Alors, bien sûr, il ne serait pas convenable de ne point signaler le sursaut civique qui a amené nombre de citoyens à manifester entre le 21 Avril et le 5 Mai pour exprimer leur rejet des idées du Front mais à l’arrivée, qu’est-ce que cela a donné ? Chirac triomphalement réélu avec plus de 82% des voix. Quel succès ! Ensuite, le souffle est vite retombé.
Quant à ceux qui nous ont ordonnés comment voter pour "le sauveur de la France" (sic), qui nous ont aspergés d’analyses plus ou moins vaseuses, qui ont fait leur mea-culpa sur le tard, des guignols aux doigts gantés aux rédacteurs en chef des journaux télévisés, s’il vous plait, encore plus que les abstentionnistes du premier tour, ayez maintenant la décence de la mettre en veilleuse. Merci.
Et après, me direz-vous ? Après, la droite dans toute sa splendeur avec un satisfecit particulier pour Sarkozy.

L’homme est malin, alternant fermeté et pseudo-humanité. De beaux discours s’enchainant sur fond de penchants droitiers. Les grands dossiers comme la retraite et l’emploi restent à traiter, la gouvernance Raffarin est en devenir mais malgré quelques couacs, plus ou moins déprimants, plus ou moins amusants, le plan media est passé. Nous sommes heureux de l’apprendre, d’autant que notre bien-aimé président place tous ses lieutenants, de la basse à la haute administration et se paye en cette fin d’année, des vacances de luxe au Maroc. Enfin, tant que ce n’est pas avec l’argent des fonds secrets, on ne va quand même pas raler.
Quant à la gauche, sonnée depuis cette défaite cuisante, cette gauche nous ayant si injustement privés de notre colère, il suffit de contempler le spectacle qu’elle offre aujourd’hui. Contempler et se taire en roulant des yeux.

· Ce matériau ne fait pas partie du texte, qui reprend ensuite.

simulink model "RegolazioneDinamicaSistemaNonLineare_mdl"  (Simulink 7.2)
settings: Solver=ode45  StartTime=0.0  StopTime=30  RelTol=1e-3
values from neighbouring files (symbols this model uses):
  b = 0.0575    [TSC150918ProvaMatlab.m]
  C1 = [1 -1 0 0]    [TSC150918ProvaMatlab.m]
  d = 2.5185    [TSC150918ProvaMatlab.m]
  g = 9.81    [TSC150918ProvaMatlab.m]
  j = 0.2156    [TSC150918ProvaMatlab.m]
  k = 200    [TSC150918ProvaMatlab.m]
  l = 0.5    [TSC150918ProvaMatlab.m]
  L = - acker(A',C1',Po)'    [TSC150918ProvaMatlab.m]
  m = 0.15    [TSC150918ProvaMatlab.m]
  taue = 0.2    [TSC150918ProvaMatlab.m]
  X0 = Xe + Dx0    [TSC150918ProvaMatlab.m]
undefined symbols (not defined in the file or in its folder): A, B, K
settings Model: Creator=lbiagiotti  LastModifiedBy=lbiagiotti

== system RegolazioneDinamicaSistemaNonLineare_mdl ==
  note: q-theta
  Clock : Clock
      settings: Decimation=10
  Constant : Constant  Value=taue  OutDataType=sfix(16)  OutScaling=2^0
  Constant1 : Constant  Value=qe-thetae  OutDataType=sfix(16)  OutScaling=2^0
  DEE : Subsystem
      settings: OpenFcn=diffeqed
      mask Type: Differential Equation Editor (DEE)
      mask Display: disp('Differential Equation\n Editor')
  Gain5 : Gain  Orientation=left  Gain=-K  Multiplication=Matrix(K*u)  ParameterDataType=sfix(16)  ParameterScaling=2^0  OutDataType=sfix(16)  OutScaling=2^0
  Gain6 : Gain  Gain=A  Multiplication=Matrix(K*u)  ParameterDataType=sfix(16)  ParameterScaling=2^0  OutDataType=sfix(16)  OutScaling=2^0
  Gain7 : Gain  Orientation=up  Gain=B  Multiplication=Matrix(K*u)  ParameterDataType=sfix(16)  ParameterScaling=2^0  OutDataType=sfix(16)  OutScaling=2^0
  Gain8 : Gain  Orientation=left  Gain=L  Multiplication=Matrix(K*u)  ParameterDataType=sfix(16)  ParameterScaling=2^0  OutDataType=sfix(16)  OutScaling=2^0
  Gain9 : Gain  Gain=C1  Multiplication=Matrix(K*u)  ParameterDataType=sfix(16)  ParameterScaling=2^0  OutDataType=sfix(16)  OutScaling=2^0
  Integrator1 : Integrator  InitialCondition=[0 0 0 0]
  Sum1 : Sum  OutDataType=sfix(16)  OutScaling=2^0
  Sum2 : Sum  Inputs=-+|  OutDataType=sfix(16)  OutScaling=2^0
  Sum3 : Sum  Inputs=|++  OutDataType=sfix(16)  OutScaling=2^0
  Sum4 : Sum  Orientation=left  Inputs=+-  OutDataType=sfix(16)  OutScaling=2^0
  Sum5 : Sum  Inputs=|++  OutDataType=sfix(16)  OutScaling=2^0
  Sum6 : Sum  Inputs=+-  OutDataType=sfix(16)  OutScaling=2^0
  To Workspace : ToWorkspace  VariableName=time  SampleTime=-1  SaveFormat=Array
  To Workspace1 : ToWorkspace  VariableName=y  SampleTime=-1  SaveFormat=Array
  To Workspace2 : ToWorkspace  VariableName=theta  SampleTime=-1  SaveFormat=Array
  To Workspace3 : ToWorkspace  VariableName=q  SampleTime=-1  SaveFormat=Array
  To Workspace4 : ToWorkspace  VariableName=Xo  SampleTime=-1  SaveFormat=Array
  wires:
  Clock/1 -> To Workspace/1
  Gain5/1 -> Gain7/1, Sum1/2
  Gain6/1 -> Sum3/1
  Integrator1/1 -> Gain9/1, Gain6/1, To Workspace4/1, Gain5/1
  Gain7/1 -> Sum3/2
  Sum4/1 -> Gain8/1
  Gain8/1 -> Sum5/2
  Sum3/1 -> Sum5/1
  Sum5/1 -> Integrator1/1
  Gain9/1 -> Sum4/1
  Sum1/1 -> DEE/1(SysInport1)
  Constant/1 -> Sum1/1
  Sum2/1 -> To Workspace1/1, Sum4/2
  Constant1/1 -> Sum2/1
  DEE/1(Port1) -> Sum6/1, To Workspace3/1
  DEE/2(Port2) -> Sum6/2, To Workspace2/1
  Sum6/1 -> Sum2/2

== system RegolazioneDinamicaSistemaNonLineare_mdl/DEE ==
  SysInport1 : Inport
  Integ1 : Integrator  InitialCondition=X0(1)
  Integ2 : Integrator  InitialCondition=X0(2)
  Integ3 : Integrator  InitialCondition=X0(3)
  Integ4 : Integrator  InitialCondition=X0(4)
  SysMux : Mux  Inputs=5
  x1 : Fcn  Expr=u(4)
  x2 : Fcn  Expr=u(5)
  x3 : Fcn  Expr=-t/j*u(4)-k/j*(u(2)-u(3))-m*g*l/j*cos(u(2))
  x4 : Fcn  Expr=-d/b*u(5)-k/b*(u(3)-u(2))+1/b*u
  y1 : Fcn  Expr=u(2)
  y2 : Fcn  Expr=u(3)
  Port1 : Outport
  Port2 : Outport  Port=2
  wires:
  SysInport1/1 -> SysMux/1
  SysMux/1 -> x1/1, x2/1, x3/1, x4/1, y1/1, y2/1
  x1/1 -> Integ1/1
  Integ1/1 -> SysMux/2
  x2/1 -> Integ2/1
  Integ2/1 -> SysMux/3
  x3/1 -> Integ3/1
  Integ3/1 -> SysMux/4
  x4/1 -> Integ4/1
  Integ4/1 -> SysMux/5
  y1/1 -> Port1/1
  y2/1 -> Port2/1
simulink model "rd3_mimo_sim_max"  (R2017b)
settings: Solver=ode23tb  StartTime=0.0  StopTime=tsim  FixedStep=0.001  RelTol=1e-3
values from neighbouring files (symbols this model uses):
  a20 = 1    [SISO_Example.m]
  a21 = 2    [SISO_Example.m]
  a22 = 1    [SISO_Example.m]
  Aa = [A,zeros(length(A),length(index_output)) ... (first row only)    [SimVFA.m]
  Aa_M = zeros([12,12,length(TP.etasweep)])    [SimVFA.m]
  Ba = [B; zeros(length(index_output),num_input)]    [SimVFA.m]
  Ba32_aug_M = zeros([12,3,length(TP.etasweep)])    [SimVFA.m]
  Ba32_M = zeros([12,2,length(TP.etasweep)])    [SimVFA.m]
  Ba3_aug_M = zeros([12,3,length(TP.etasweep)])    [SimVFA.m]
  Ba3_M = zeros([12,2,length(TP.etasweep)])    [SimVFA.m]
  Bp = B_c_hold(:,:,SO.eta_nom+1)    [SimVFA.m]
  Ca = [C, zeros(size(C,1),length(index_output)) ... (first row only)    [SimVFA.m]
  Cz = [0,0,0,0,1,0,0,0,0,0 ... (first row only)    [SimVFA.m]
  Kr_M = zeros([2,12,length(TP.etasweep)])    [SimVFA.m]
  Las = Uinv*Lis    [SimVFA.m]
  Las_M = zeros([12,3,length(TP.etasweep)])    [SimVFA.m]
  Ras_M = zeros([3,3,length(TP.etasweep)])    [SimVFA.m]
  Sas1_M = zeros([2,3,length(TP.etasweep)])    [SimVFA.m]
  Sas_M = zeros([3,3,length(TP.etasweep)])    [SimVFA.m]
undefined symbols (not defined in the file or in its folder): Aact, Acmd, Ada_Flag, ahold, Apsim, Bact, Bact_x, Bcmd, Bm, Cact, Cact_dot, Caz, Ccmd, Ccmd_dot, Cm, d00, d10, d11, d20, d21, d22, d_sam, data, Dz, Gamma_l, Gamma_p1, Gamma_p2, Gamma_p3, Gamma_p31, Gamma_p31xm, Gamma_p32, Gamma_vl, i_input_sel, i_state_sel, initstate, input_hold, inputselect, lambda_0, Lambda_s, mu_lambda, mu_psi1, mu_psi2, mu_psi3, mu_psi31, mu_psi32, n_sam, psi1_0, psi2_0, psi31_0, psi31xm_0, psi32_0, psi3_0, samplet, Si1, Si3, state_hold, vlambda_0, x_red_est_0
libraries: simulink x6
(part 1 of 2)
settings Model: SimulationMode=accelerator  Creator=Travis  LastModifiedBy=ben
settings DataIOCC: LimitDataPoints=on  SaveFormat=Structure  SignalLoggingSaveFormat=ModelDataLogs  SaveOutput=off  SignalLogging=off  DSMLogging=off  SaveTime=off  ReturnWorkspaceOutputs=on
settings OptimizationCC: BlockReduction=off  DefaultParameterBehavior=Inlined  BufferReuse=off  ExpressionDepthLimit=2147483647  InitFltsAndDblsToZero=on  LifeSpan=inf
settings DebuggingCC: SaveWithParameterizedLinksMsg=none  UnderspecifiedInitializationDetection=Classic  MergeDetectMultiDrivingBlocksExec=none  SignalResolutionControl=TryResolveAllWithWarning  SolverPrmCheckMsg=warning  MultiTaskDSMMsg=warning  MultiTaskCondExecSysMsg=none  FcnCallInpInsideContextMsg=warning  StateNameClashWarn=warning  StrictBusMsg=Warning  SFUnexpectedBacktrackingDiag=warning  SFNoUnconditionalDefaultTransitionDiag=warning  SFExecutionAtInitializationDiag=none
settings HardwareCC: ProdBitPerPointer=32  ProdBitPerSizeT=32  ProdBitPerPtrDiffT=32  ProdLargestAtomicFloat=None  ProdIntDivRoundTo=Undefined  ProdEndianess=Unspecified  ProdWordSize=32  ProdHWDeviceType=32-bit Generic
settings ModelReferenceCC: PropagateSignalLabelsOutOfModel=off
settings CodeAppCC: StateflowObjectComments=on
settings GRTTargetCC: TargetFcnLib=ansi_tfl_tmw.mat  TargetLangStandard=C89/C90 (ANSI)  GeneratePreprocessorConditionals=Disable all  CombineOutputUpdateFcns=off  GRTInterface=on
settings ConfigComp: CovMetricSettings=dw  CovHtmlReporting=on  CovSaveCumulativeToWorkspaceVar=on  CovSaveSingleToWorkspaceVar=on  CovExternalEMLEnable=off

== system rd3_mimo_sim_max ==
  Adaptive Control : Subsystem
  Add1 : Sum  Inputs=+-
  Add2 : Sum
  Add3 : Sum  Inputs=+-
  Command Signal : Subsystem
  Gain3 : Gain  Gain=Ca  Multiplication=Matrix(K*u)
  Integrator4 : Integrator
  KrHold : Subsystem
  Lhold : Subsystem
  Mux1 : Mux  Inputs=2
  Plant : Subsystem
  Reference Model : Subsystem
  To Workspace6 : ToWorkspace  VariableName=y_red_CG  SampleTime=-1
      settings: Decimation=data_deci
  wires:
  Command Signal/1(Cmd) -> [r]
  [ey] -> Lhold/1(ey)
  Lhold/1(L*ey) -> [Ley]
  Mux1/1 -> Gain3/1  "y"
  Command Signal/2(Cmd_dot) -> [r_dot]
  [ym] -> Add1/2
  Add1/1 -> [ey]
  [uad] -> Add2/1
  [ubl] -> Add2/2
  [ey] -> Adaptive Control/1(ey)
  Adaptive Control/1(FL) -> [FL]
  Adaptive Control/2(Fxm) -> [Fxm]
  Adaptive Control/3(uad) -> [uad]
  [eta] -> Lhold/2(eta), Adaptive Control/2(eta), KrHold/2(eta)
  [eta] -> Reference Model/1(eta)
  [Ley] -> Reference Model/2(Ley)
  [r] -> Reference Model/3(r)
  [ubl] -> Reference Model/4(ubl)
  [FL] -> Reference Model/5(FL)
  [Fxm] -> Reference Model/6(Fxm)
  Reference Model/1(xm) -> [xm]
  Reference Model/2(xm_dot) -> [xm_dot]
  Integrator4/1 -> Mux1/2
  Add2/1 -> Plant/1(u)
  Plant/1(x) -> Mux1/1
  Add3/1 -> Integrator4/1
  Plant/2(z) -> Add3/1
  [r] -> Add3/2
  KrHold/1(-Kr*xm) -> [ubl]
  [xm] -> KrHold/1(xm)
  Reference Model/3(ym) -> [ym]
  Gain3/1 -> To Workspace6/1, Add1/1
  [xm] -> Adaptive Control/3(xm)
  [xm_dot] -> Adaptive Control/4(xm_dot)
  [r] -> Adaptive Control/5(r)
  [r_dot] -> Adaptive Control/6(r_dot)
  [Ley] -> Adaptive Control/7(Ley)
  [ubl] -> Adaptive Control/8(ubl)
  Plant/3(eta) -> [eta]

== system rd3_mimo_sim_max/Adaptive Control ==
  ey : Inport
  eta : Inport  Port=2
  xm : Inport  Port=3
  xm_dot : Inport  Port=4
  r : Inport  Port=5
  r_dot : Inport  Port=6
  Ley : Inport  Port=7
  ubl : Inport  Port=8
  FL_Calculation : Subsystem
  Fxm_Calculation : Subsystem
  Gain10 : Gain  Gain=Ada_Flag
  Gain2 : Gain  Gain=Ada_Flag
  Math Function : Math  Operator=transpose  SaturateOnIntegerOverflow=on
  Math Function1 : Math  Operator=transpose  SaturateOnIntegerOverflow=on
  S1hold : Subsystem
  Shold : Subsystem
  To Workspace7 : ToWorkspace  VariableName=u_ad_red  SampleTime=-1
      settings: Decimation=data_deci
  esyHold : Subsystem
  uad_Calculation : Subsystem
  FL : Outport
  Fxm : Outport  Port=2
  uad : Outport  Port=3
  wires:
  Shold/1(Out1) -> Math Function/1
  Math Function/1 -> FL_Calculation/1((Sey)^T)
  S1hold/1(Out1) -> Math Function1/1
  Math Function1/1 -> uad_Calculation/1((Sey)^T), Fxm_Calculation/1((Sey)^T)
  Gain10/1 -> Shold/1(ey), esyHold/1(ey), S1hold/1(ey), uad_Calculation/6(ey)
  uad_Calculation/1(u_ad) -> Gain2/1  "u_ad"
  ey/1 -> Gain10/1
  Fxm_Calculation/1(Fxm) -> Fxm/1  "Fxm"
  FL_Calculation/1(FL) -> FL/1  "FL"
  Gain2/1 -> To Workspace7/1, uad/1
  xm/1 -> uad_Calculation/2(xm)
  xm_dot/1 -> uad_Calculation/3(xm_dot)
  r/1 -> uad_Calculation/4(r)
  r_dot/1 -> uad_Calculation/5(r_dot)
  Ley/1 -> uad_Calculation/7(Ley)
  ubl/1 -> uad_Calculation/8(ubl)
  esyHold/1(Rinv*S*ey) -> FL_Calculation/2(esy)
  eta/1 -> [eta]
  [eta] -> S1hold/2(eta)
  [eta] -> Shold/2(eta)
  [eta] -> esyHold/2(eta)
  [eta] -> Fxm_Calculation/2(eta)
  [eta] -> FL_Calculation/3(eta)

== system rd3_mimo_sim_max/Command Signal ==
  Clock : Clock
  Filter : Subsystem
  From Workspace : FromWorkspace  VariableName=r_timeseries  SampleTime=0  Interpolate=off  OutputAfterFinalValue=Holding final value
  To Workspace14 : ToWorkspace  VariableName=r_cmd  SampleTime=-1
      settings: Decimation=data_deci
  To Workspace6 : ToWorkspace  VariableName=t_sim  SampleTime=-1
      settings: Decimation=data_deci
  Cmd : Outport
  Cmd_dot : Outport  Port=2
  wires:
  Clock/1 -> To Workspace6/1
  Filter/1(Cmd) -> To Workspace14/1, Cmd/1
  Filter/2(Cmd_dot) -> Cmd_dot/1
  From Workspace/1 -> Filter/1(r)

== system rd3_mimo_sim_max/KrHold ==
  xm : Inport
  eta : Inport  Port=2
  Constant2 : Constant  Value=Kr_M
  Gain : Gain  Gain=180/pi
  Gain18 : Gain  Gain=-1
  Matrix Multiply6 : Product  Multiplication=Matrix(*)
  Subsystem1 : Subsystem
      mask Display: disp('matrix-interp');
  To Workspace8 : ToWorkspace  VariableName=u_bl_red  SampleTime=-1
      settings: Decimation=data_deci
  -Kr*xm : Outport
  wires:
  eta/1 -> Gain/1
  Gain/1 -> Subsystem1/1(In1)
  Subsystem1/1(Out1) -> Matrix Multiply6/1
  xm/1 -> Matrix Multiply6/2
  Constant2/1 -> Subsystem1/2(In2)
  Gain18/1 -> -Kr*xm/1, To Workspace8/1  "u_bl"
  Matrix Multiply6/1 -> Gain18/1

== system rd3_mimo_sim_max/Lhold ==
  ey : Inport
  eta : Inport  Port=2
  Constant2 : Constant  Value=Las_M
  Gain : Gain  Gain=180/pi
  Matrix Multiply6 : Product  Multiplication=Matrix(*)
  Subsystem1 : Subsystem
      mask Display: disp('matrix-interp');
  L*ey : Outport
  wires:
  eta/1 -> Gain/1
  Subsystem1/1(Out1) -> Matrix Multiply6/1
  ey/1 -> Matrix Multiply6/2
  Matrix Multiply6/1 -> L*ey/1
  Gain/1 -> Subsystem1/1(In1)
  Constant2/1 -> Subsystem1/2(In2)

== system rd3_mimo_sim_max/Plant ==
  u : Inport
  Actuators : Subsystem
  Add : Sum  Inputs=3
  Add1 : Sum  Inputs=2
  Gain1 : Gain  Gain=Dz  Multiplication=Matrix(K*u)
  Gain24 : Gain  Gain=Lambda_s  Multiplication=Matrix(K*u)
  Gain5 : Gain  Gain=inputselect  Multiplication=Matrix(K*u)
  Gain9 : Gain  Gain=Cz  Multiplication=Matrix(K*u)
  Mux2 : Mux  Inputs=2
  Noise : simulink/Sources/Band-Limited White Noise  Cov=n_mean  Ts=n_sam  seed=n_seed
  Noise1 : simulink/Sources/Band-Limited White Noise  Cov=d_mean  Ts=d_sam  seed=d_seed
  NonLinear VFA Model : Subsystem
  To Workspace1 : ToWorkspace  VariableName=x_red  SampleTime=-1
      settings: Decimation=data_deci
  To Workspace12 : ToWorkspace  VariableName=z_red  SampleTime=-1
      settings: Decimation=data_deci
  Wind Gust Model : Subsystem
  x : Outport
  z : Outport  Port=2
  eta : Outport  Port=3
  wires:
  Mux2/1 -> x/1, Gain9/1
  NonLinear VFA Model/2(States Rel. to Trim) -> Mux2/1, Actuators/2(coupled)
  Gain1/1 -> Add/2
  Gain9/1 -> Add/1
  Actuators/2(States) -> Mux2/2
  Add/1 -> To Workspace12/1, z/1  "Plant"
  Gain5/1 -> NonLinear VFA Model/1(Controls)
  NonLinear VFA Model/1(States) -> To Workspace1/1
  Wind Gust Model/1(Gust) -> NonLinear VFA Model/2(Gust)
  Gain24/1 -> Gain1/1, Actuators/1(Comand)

Sur le plan international, on préfère également ne plus entendre parler de 2002. L’Afrique continue à se déchirer en de nombreux points chauds sous le regard hypocritement compatissant de l’Occident, Israël s’est mué un peu plus dans l’enlisement guerrier alors que l’intégrisme islamiste menace de ses relents haineux en plaçant ses petits soldats fanatiques prêts à se faire exploser à chaque coin de la planète pour rejoindre un paradis qui se confond avec les antres de l’enfer. La religion prêchant l’intolérance, des malades d’Allah aux fondamentalistes chrétiens en passant par nos cousins juifs ultra-orthodoxes, c’est Dieu qui a la gueule salement amochée et qui nous afflige de ses pires maux sur terre.
Rassurons-nous, la lutte contre le terrorisme rétablit l’équité. Poutine en Tchétchénie, Sharon dans les territoires occupés, ont bien compris la leçon, avec l’approbation bienveillante des Etats-Unis et la passivité confuse de nos dirigeants européens, perdus en plein maelström turc. Au moins, le passage à l’euro, au contraire des prévisions apocalyptiques de nos souverainistes passéistes, se sera-t-il bien déroulé.
Mais ce qui agite le malaise depuis le mois de septembre, c’est ce conflit salement annoncé contre l’Irak.
Obsédé par la figure de Saddam Hussein, poussé par les membres les plus conservateurs de son cabinet et le lobby pétrolier américain, le petit Bush, soutenu par l’agaçant Blair, nous fait part quasiment tous les jours de son envie de remplacer le régime irakien (certes exécrable mais ce n’est pas le seul) par des serviteurs fantoches qui sauraient, au moins, stabiliser les intérêts américains dans la région, en mettant en aparté la monarchie des Saoud. D’une pierre, deux coups, formidable, non ? Pendant ce temps, la Corée du Nord, dernier vestige du stalinisme au monde, réactive son programme nucléaire sous l’oeil embarrassé de Washington qui ne promet sur le dossier que quelques sanctions économiques. Deux poids, deux mesures, formidable,... non ?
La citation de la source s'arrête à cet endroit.